(Information shown Opens)

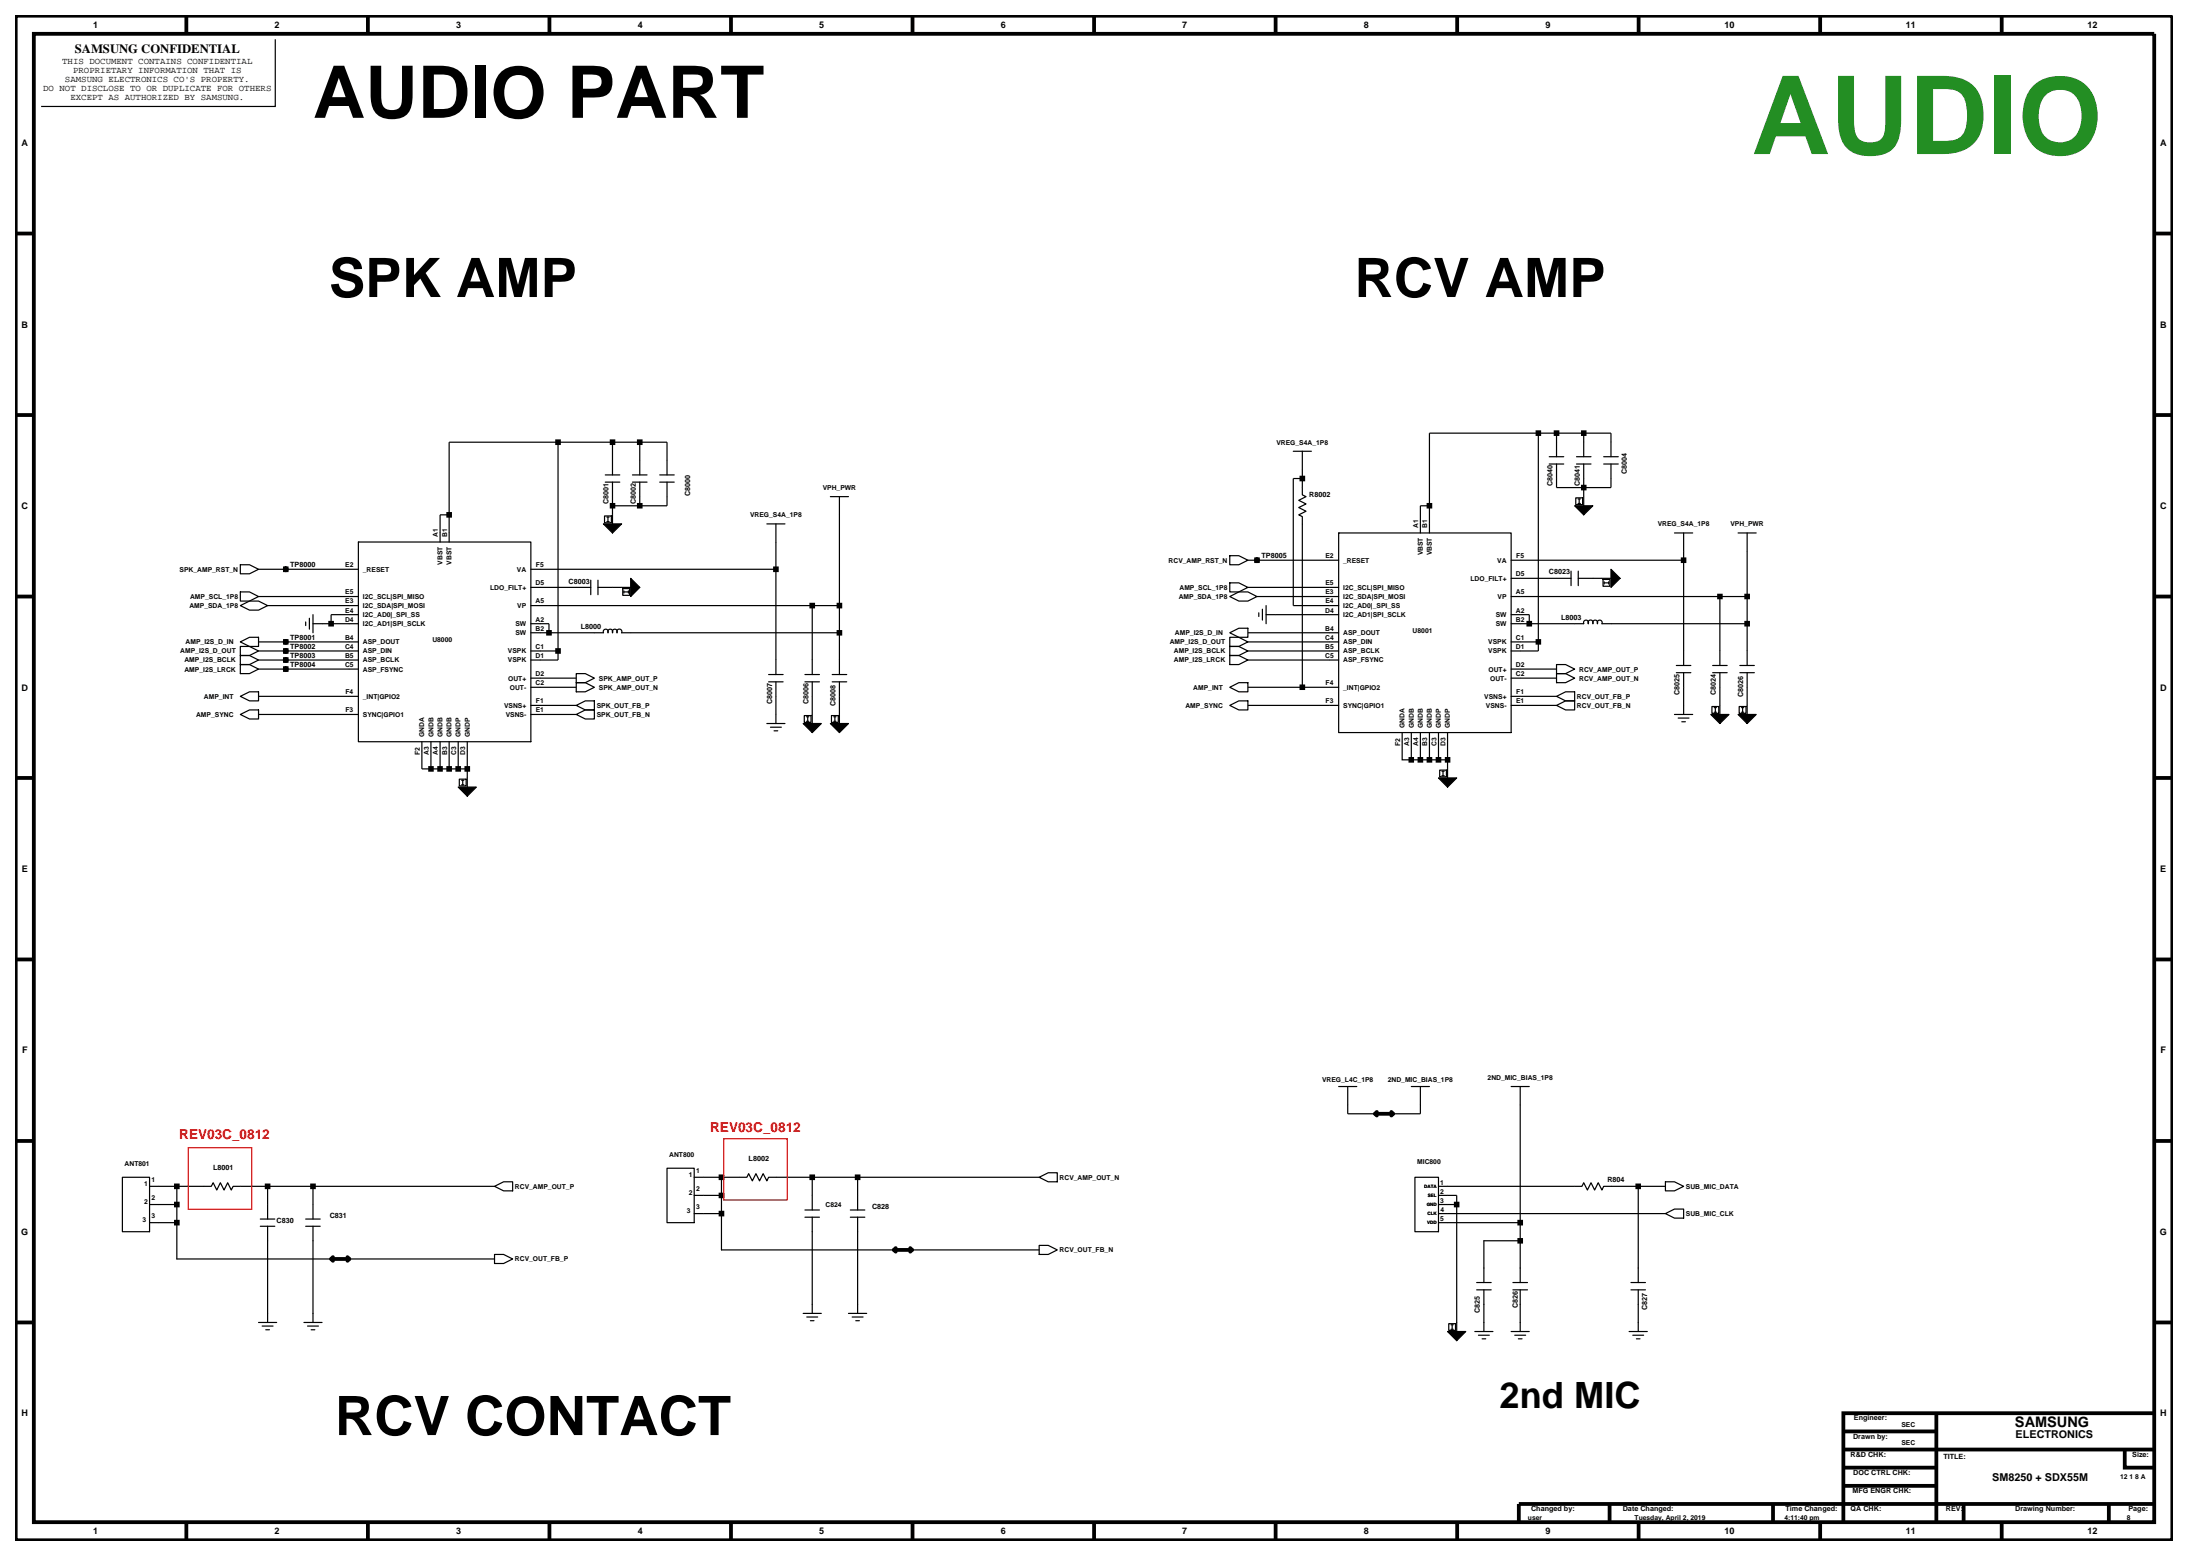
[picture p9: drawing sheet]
<svg xmlns="http://www.w3.org/2000/svg" width="420mm" height="297mm" viewBox="0 0 420 297" stroke-linecap="round" stroke-linejoin="round" font-family="sans-serif">
<!-- layer: MFD Layer /idea/tmp/Extended-Print.jd81.kim.sheet8.2.mfd -->
<g fill="none" stroke="#000" stroke-width=".23">
<path d="M52.5 7.5v12.8h-44.7M85.7 98.3h-1.7v5.2M106.5 84.4v41.6h-5.2M115.4 98.5h1.3v1.3h-1.3zM115.5 92h2.8M115.5 90.6h2.8M115.8 98.7h.4M115.8 99.6h.4M116 98.7v.9M116.9 84.4v6.2M116.9 92v8M116.9 96.5h5.2"/>
<path d="M120.7 90.6h2.8M120.7 92h2.8M122.1 92v4.5h5.2v-4.5M122.1 84.4v6.2M125.9 92h2.8M125.9 90.6h2.8M127.3 90.6v-6.2h-41.6v19.1M146.3 100h3.5M148.1 100v28.7M158.5 94.8h3.4M160.2 94.8v33.9M246.8 86.1h3.4"/>
<path d="M248.5 86.1v8.4l.7 .3-1.4 .7 1.4 .7-1.4 .7 1.4 .7-1.4 .7 .7 .3v32.6h6.9M248.5 91.3h-1.7v24.3h8.6M272.8 96.5h-1.8v5.2M293.5 82.7v41.5h-5.1M295.6 88.6h2.8M295.6 87.2h2.8M297 88.6v4.5h10.4v-4.5M297 82.7v4.5M300.7 95h1.3v1.3h-1.3zM300.8 88.6h2.8M300.8 87.2h2.8M301.1 95.2h.5"/>
<path d="M301.1 96.1h.5M301.3 95.2v.9M302.2 82.7v4.5M302.2 88.6v7.9M306 88.6h2.8M306 87.2h2.8M307.4 87.2v-4.5h-34.6v19M45.9 115.6l1.7-.9h1.7l1.8 .9-1.8 .9h-1.7zM45.9 107.8h1.7l1.7 .9-1.7 .8h-1.7zM45.9 113h1.7l1.7 .9-1.7 .8h-1.7zM49.3 108.7h19.1M49.3 113.9h19.1"/>
<path d="M51.1 115.6h17.3M58.3 118.7v.7M59 118v2.1M59.7 119h8.7M59.7 117.3v3.5M68.4 117.3h-5.2v1.7M68.4 103.5h32.9v38.1h-32.9zM68.4 103.5h.1M101.3 119h3.5v1.8h10.4a.48 .48 0 0 1 .4-.7 .48 .48 0 0 1 .4 .7 .48 .48 0 0 1 .4-.7 .48 .48 0 0 1 .5 .7 .48 .48 0 0 1 .4-.7 .48 .48 0 0 1 .4 .7 .49 .49 0 0 1 .5-.7 .49 .49 0 0 1 .4 .7h41.6M101.3 112.1h11.4M101.3 115.6h58.9M101.3 108.7h46.8"/>
<path d="M112.7 110.7v2.8M114.1 112.1h6.3M114.1 110.7v2.8M118.8 112.3h1.3v1.3h-1.3zM119 112.8v.4M119 113h.9M119.9 112.8v.4M155 115.6v13.1M234.7 113.9l1.7-.9h1.7l1.8 .9-1.8 .8h-1.7zM234.7 106.1h1.7l1.7 .8-1.7 .9h-1.7zM234.7 111.2h1.7l1.7 .9-1.7 .9h-1.7zM238.1 112.1h17.3"/>
<path d="M238.1 106.9h17.3M239.9 113.9h15.5M240.2 117v.7M240.9 116.3v2.1M241.6 115.6v3.4M241.6 117.3h13.8M255.4 101.7h.2M255.4 101.7h33v38.1h-33zM288.4 117.3h3.4v1.7h10.4a.48 .48 0 0 1 .5-.6 .48 .48 0 0 1 .4 .6 .49 .49 0 0 1 .4-.7 .49 .49 0 0 1 .5 .7 .48 .48 0 0 1 .4-.6 .48 .48 0 0 1 .4 .6 .48 .48 0 0 1 .5-.6 .48 .48 0 0 1 .4 .6h27.7M288.4 119h3.4M288.4 110.4h11.4M288.4 113.9h45"/>
<path d="M288.4 106.9h32.9M299.8 109v2.8M301.2 110.4h6.2M301.2 109v2.8M305.9 110.6h1.3v1.3h-1.3zM306.1 111v.5M306.1 111.2h.9M307 111v.5M319.5 101.7h3.5M321.3 101.7v25.3M328.2 113.9v13.1M331.7 101.7h3.4"/>
<path d="M333.4 101.7v25.3M45.9 132.9l1.7-.9h1.7v1.8h-1.7zM45.9 125.1h1.7l1.7 .9-1.7 .8h-1.7zM45.9 126.8h1.7l1.7 .9-1.7 .9h-1.7zM45.9 123.4h1.7l1.7 .8-1.7 .9h-1.7zM45.9 122.5l1.7-.9h1.7v1.8h-1.7zM45.9 136.4l1.7-.9h1.7v1.7h-1.7zM49.3 136.4h19.1M49.3 126h19.1M49.3 124.2h19.1M49.3 122.5h19.1M49.3 127.7h19.1"/>
<path d="M49.3 132.9h19.1M101.3 136.4h8.7M101.3 120.8h3.5M101.3 124.2h5.2M101.3 129.4h8.7M101.3 131.2h8.7M101.3 134.6h8.7M110 134.6l1.7-.8h1.7v1.7h-1.7zM110 130.3h1.7l1.7 .9-1.7 .8h-1.7zM110 128.6h1.7l1.7 .8-1.7 .9h-1.7zM110 136.4l1.7-.9h1.7v1.7h-1.7zM146.3 138.1h3.5"/>
<path d="M146.7 130.1h2.7M146.7 128.7h2.7M147 138.8h2.1M147.7 139.5h.7M148.1 130.1v8M153.5 136.6h1.3v1.3h-1.3zM153.6 130.1h2.8M153.6 128.7h2.8M153.9 136.8h.4M153.9 137.7h.4M154.1 136.8v.9M155 130.1v8"/>
<path d="M158.7 136.6h1.3v1.3h-1.3zM158.8 130.1h2.8M158.8 128.7h2.8M159.1 136.8h.4M159.1 137.7h.4M159.3 136.8v.9M160.2 130.1v8M234.7 123.4h1.7l1.7 .8-1.7 .9h-1.7zM234.7 121.6h1.7l1.7 .9-1.7 .9h-1.7zM234.7 125.1h1.7l1.7 .9-1.7 .8h-1.7zM234.7 120.8l1.7-.9h1.7v1.7h-1.7zM234.7 131.2l1.7-.9h1.7v1.7h-1.7z"/>
<path d="M234.7 134.6l1.7-.8h1.7v1.7h-1.7zM238.1 120.8h17.3M238.1 126h17.3M238.1 124.2h17.3M238.1 122.5h17.3M238.1 134.6h17.3M238.1 131.2h10.4M267.6 139.8v5.2h1.7M269.3 139.8v5.2h1.7M271 139.8v5.2h1.8M272.8 139.8v5.2h1.7M274.5 139.8v5.2"/>
<path d="M276.2 139.8v8.7M288.4 122.5h5.1M288.4 127.7h8.6M288.4 132.9h8.6M288.4 129.4h8.6M288.4 134.6h8.6M297 132.9l1.7-.9h1.8v1.8h-1.8zM297 134.6l1.7-.8h1.8v1.7h-1.8zM297 128.6h1.7l1.8 .8-1.8 .9h-1.7zM297 126.8h1.7l1.8 .9-1.8 .9h-1.7zM319.5 136.4h3.5M319.9 127h2.8"/>
<path d="M319.9 128.4h2.8M320.2 137.1h2.1M320.9 137.8h.7M321.3 128.4v8M326.7 134.8h1.3v1.4h-1.3zM326.8 127h2.8M326.8 128.4h2.8M327.1 135.1h.4M327.1 135.9h.4M327.3 135.1v.8M328.2 128.4v8M331.9 134.8h1.3v1.4h-1.3z"/>
<path d="M332 127h2.8M332 128.4h2.8M332.3 135.1h.4M332.3 135.9h.4M332.5 135.1v.8M333.4 128.4v8M80.5 141.6v5.2h8.7M82.2 141.6v5.2M84 141.6v5.2M85.7 141.6v5.2M87.4 141.6v5.2M87.6 148.7h1.4v1.3h-1.4z"/>
<path d="M88.1 148.9h.4M88.1 149.8h.4M88.3 148.9v.9M89.2 141.6v8.6M274.5 145h1.7M274.7 147h1.3v1.3h-1.3zM275.1 147.2h.5M275.1 148.1h.5M275.4 147.2v.9M255.4 207.4h3.5M257.2 207.4v5.2h5.2M269.3 207.4h3.5"/>
<path d="M271 207.4v5.2h-5.2M288.4 207.4h3.4M290.1 207.4v37.4M23.4 224.7h5.1v10.4h-5.1zM28.5 233.4h5.2M28.5 226.4h11.8l.4-.7 .7 1.4 .7-1.4 .7 1.4 .6-1.4 .7 1.4 .4-.7h6.6M28.5 229.9h5.2M33.7 226.4v13.9h29.5M49.7 232.7h2.7M49.7 234.1h2.7M51.1 226.4h8.6M51.1 226.4v6.3"/>
<path d="M51.1 234.1v18.3M58.3 234.1h2.8M58.3 232.7h2.8M59.7 226.4h34.7M59.7 226.4v6.3M59.7 234.1v18.3M94.4 239.4h1.7l1.7 .9-1.7 .9h-1.7zM94.4 226.4l1.7-.8h1.7v1.7h-1.7zM127.3 223h5.2v10.4h-5.2zM132.5 224.7h10l.4-.7 .7 1.4 .7-1.4 .6 1.4 .7-1.4 .7 1.4 .4-.7h8.3M132.5 231.6h5.2M132.5 228.2h5.2"/>
<path d="M137.7 224.7v13.9h32.9M153.6 232.3h2.8M153.6 230.9h2.8M155 224.7v6.2M155 232.3v18.4M155 224.7h8.7M162.3 232.3h2.7M162.3 230.9h2.7M163.7 224.7h34.6M163.7 224.7v6.2M163.7 232.3v18.4M174 238.6h24.3"/>
<path d="M198.3 237.7h1.7l1.8 .9-1.8 .8h-1.7zM198.3 224.7l1.7-.9h1.8v1.8h-1.8zM270 224.7h4.5v10.4h-4.5zM274.5 226.4h27.4l.3-.7 .7 1.4 .7-1.4 .7 1.4 .7-1.4 .7 1.4 .3-.7h11.8M274.5 233.4h15.6M274.5 229.9h3.5M274.5 231.6h43.3M274.5 228.2h3.5v25.9M290.1 236.8h-6.9v8M312.6 226.4v18.4M317.8 225.6h1.7l1.8 .8-1.8 .9h-1.7zM317.8 231.6l1.7-.8h1.8v1.7h-1.8z"/>
<path d="M49.3 252.4h3.5M50 253.1h2.1M50.7 253.8h.7M58 252.4h3.5M58.7 253.1h2.1M59.4 253.8h.7M66.7 240.3h27.7M153.3 250.7h3.4M154 251.4h2M154.6 252.1h.7M161.9 250.7h3.5M162.6 251.4h2.1"/>
<path d="M163.3 252.1h.7M276.5 252.6h1.2v1.3h-1.2zM276.9 252.9h.4M276.9 253.7h.4M277.1 252.9v.8M281.4 254.1h3.5M281.8 246.2h2.8M281.8 244.8h2.8M282.1 254.8h2.1M282.8 255.5h.7M283.2 246.2v7.9M288.4 254.1h3.4"/>
<path d="M288.7 246.2h2.8M288.7 244.8h2.8M289 254.8h2.1M289.7 255.5h.7M290.1 246.2v7.9M310.9 254.1h3.4M311.2 246.2h2.8M311.2 244.8h2.8M311.6 254.8h2M312.3 255.5h.6M312.6 246.2v7.9"/>
<circle cx="54.5" cy="108.7" r=".44"/>
<circle cx="239.9" cy="106.9" r=".43"/>
<circle cx="54.5" cy="126" r=".43"/>
<circle cx="54.5" cy="127.7" r=".43"/>
<circle cx="54.5" cy="122.5" r=".43"/>
<circle cx="54.5" cy="124.2" r=".43"/>
</g>
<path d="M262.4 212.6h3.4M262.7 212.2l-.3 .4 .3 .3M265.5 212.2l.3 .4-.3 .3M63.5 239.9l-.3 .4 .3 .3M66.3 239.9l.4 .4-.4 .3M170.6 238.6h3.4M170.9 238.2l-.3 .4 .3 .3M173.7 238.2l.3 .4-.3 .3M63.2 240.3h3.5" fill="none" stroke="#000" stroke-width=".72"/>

(Information shown Closes)

Word for word, restate the lines above from the line containing "130.1h2.7M146.7 128.7h2.7M147 138.8h2.1M147.7" through the line containing "128.4h2.8M320.2 137.1h2.1M320.9 137.8h.7M321.3", with both included and nothing else.

<path d="M146.7 130.1h2.7M146.7 128.7h2.7M147 138.8h2.1M147.7 139.5h.7M148.1 130.1v8M153.5 136.6h1.3v1.3h-1.3zM153.6 130.1h2.8M153.6 128.7h2.8M153.9 136.8h.4M153.9 137.7h.4M154.1 136.8v.9M155 130.1v8"/>
<path d="M158.7 136.6h1.3v1.3h-1.3zM158.8 130.1h2.8M158.8 128.7h2.8M159.1 136.8h.4M159.1 137.7h.4M159.3 136.8v.9M160.2 130.1v8M234.7 123.4h1.7l1.7 .8-1.7 .9h-1.7zM234.7 121.6h1.7l1.7 .9-1.7 .9h-1.7zM234.7 125.1h1.7l1.7 .9-1.7 .8h-1.7zM234.7 120.8l1.7-.9h1.7v1.7h-1.7zM234.7 131.2l1.7-.9h1.7v1.7h-1.7z"/>
<path d="M234.7 134.6l1.7-.8h1.7v1.7h-1.7zM238.1 120.8h17.3M238.1 126h17.3M238.1 124.2h17.3M238.1 122.5h17.3M238.1 134.6h17.3M238.1 131.2h10.4M267.6 139.8v5.2h1.7M269.3 139.8v5.2h1.7M271 139.8v5.2h1.8M272.8 139.8v5.2h1.7M274.5 139.8v5.2"/>
<path d="M276.2 139.8v8.7M288.4 122.5h5.1M288.4 127.7h8.6M288.4 132.9h8.6M288.4 129.4h8.6M288.4 134.6h8.6M297 132.9l1.7-.9h1.8v1.8h-1.8zM297 134.6l1.7-.8h1.8v1.7h-1.8zM297 128.6h1.7l1.8 .8-1.8 .9h-1.7zM297 126.8h1.7l1.8 .9-1.8 .9h-1.7zM319.5 136.4h3.5M319.9 127h2.8"/>
<path d="M319.9 128.4h2.8M320.2 137.1h2.1M320.9 137.8h.7M321.3 128.4v8M326.7 134.8h1.3v1.4h-1.3zM326.8 127h2.8M326.8 128.4h2.8M327.1 135.1h.4M327.1 135.9h.4M327.3 135.1v.8M328.2 128.4v8M331.9 134.8h1.3v1.4h-1.3z"/>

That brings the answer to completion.